Work for non-governmental organizations
From 2012 to 2014 Bodnar was a deputy member of the Advisory Council of the European Institute for Gender Equality and 2013 Marshall Memorial Fellow of the German Marshall Fund . Bodnar has been on the Board of Directors of the United Nations Voluntary Fund for Victims of Torture since December 2013 . In 2014/15 he worked (most recently as Vice President) for the Helsinki Human Rights Foundation . There he reported on the human rights situation in Poland for the European Union Agency for Fundamental Rights and supported the work of other non-governmental organizations such as the Stephan Báthory Foundation , the Panoptykon Foundation against surveillance and the Polish branch of the environmental protection organization ClientEarth . He co-edited the online newspaper Kultura Liberalna .
Civil Rights Officer
Bodnar was proposed in mid-2015 by the Social Democratic Federation of the Democratic Left for the office of civil rights commissioner and supported by the liberal-conservative Civic Platform (PO), which was interpreted as an attempt by the PO in the election campaign before the 2015 Sejm election , after the lost presidential election in May and bad Integrate poll numbers against the national conservative law and justice (PiS) left.
The PiS nominated the former Solidarność activist Zofia Romaszewska as the opposing candidate . After he was elected by the Sejm , the lower chamber of the Polish parliament, on July 22, 2015 with 239 votes to 155, he was confirmed by the Senate on August 7, 2015 with 41 votes to 39 and two abstentions, which was previously because of Bodnar's left-wing liberalism Positions - he advocates a registered partnership of homosexuals and describes himself as an atheist in Catholic Poland - was not taken for granted; several PO MPs refused to approve him in the respective votes.
Bodnar took up his post as the seventh commissioner for civil rights when he was sworn in on September 9, 2015 as the successor to Irena Lipowicz . As his first focus of work, he announced improvements in the accessibility of the judiciary, for the homeless and for refugees and, unlike the newly elected Polish President Andrzej Duda , called on this urgent question to participate in a solidarity-based common refugee policy of the European Union . He also praised the work of the non-governmental organizations and declared that he wanted to work with them, but not to make himself “hostage” to them.

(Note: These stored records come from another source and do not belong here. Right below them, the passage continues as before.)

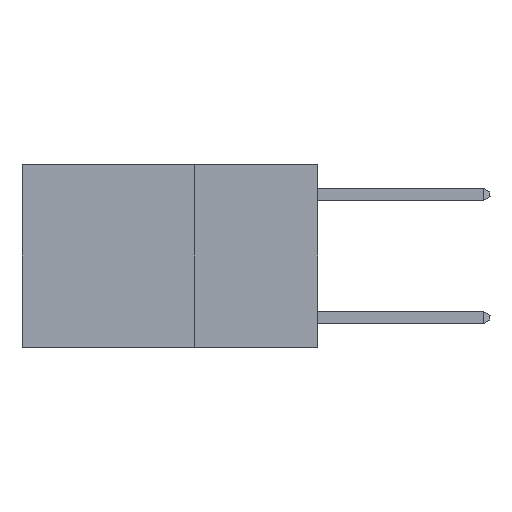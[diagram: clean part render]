
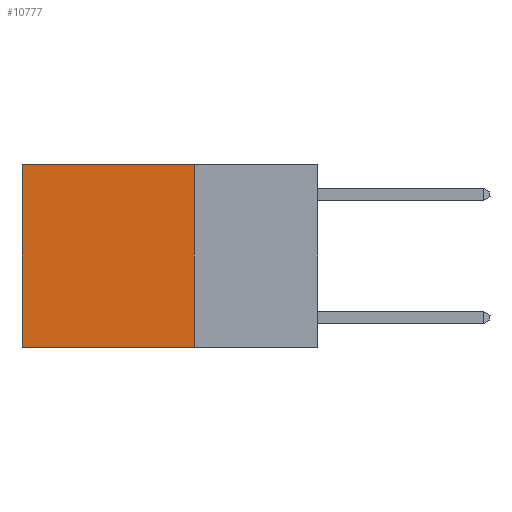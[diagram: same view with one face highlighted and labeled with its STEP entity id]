
A CAD part, left-side view. The second image highlights one B-rep face of the part: STEP entity #10777.
In plain terms, the highlighted planar face has unit normal (-1, 0, 0).
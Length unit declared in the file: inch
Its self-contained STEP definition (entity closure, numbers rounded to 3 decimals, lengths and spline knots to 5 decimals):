
#117 = ORIENTED_EDGE ( 'NONE', *, *, #7752, .F. ) ;
#786 = VERTEX_POINT ( 'NONE', #8343 ) ;
#1500 = ORIENTED_EDGE ( 'NONE', *, *, #5551, .T. ) ;
#1539 = DIRECTION ( 'NONE',  ( 0., 0., -1. ) ) ;
#1546 = VECTOR ( 'NONE', #1539, 39.37008 ) ;
#2133 = DIRECTION ( 'NONE',  ( 0., 0., -1. ) ) ;
#2237 = CARTESIAN_POINT ( 'NONE',  ( 0.2625, 0.25, 0. ) ) ;
#2268 = CARTESIAN_POINT ( 'NONE',  ( 0.2625, 0.25, 0. ) ) ;
#2389 = DIRECTION ( 'NONE',  ( 0., 1., 0. ) ) ;
#2618 = AXIS2_PLACEMENT_3D ( 'NONE', #2268, #9189, #9943 ) ;
#2699 = VERTEX_POINT ( 'NONE', #12379 ) ;
#3279 = LINE ( 'NONE', #10755, #11411 ) ;
#3384 = LINE ( 'NONE', #6473, #1546 ) ;
#4073 = VECTOR ( 'NONE', #4810, 39.37008 ) ;
#4133 = CARTESIAN_POINT ( 'NONE',  ( 0.2625, 0.25, -0.37 ) ) ;
#4681 = CARTESIAN_POINT ( 'NONE',  ( 0.2625, 0.25, 0. ) ) ;
#4810 = DIRECTION ( 'NONE',  ( 0., 1., 0. ) ) ;
#5300 = VERTEX_POINT ( 'NONE', #2237 ) ;
#5484 = LINE ( 'NONE', #9261, #7481 ) ;
#5551 = EDGE_CURVE ( 'NONE', #5300, #2699, #5829, .T. ) ;
#5829 = LINE ( 'NONE', #4681, #4073 ) ;
#6305 = PLANE ( 'NONE',  #2618 ) ;
#6473 = CARTESIAN_POINT ( 'NONE',  ( 0.2625, 0.25, 0. ) ) ;
#6795 = EDGE_CURVE ( 'NONE', #5300, #11912, #3384, .T. ) ;
#7268 = ORIENTED_EDGE ( 'NONE', *, *, #6795, .F. ) ;
#7449 = EDGE_LOOP ( 'NONE', ( #10222, #117, #7268, #1500 ) ) ;
#7481 = VECTOR ( 'NONE', #2389, 39.37008 ) ;
#7752 = EDGE_CURVE ( 'NONE', #11912, #786, #5484, .T. ) ;
#8343 = CARTESIAN_POINT ( 'NONE',  ( 0.2625, 0.6, -0.37 ) ) ;
#8451 = FACE_OUTER_BOUND ( 'NONE', #7449, .T. ) ;
#9007 = EDGE_CURVE ( 'NONE', #2699, #786, #3279, .T. ) ;
#9189 = DIRECTION ( 'NONE',  ( 1., 0., 0. ) ) ;
#9261 = CARTESIAN_POINT ( 'NONE',  ( 0.2625, 0.25, -0.37 ) ) ;
#9943 = DIRECTION ( 'NONE',  ( 0., 0., -1. ) ) ;
#10222 = ORIENTED_EDGE ( 'NONE', *, *, #9007, .T. ) ;
#10755 = CARTESIAN_POINT ( 'NONE',  ( 0.2625, 0.6, 0. ) ) ;
#10777 = ADVANCED_FACE ( 'NONE', ( #8451 ), #6305, .F. ) ;
#11411 = VECTOR ( 'NONE', #2133, 39.37008 ) ;
#11912 = VERTEX_POINT ( 'NONE', #4133 ) ;
#12379 = CARTESIAN_POINT ( 'NONE',  ( 0.2625, 0.6, 0. ) ) ;

Bodnar lodged complaints in 2015 and 2016 against the controversial judicial reforms of the government of the right-wing conservative PiS, which took office at the end of 2015. In 2018 he was awarded the Thorolf Rafto Memorial Prize for his work in the Polish constitutional conflict. He and his office were awarded the Roland Berger Prize for Human Dignity in 2019 . Bodnar declared that he would not accept the award because the role of the father of the award sponsor in the Nazi regime has not been clarified.
Bodnar's term of office expired in September 2020. The majority of the PiS occupied first chamber of parliament, the Sejm, and the second chamber dominated by the opposition, the Senate, could not agree on a successor for months, so Bodnar remained in office. On April 15, 2021, the Constitutional Court ruled that Bodnar must cease operations within the next three months.
Fonts
- Edited with Michał Kowalski, Karen Raible, Frank Schorkopf : The Emerging Constitutional Law of the European Union. German and Polish Perspectives (= contributions to foreign public law and international law. Volume 163). Springer, Berlin et al. 2003.
- with Stanisław Frankowski: Introduction to Polish Law. Kluwer, The Hague 2005.
- Obywatelstvo wielopoziomowe. Status jednostki w europejskiej przestrzeni konstytucyjnej. Wydawnictwo Sejmowe, Warsaw 2008 (dissertation).
Web links
- Brief introduction as Commissioner for Civil Rights (English).
supporting documents
- ↑ a b c d Bodnar złożył ślubowanie. Priorytety: sądy, bezdomni, uchodźcy. In: TVN24 , September 9, 2015 (Polish).
- ↑ Brief introduction to the Commissioner for Civil Rights.
- ↑ GMF Alumni on the Move. In: GMFUS.org , September 8, 2015 (English).
- ^ UN Voluntary Fund for Victims of Torture - Decision Making. In: OHCHR.org , accessed September 9, 2015.
- ↑ Article with reference to Bodnar at KulturaLiberalna.pl (Polish).
- ^ A b Florian Kellermann: Election campaign in Poland. Tusk party seeks votes. In: Deutschlandfunk , August 25, 2015.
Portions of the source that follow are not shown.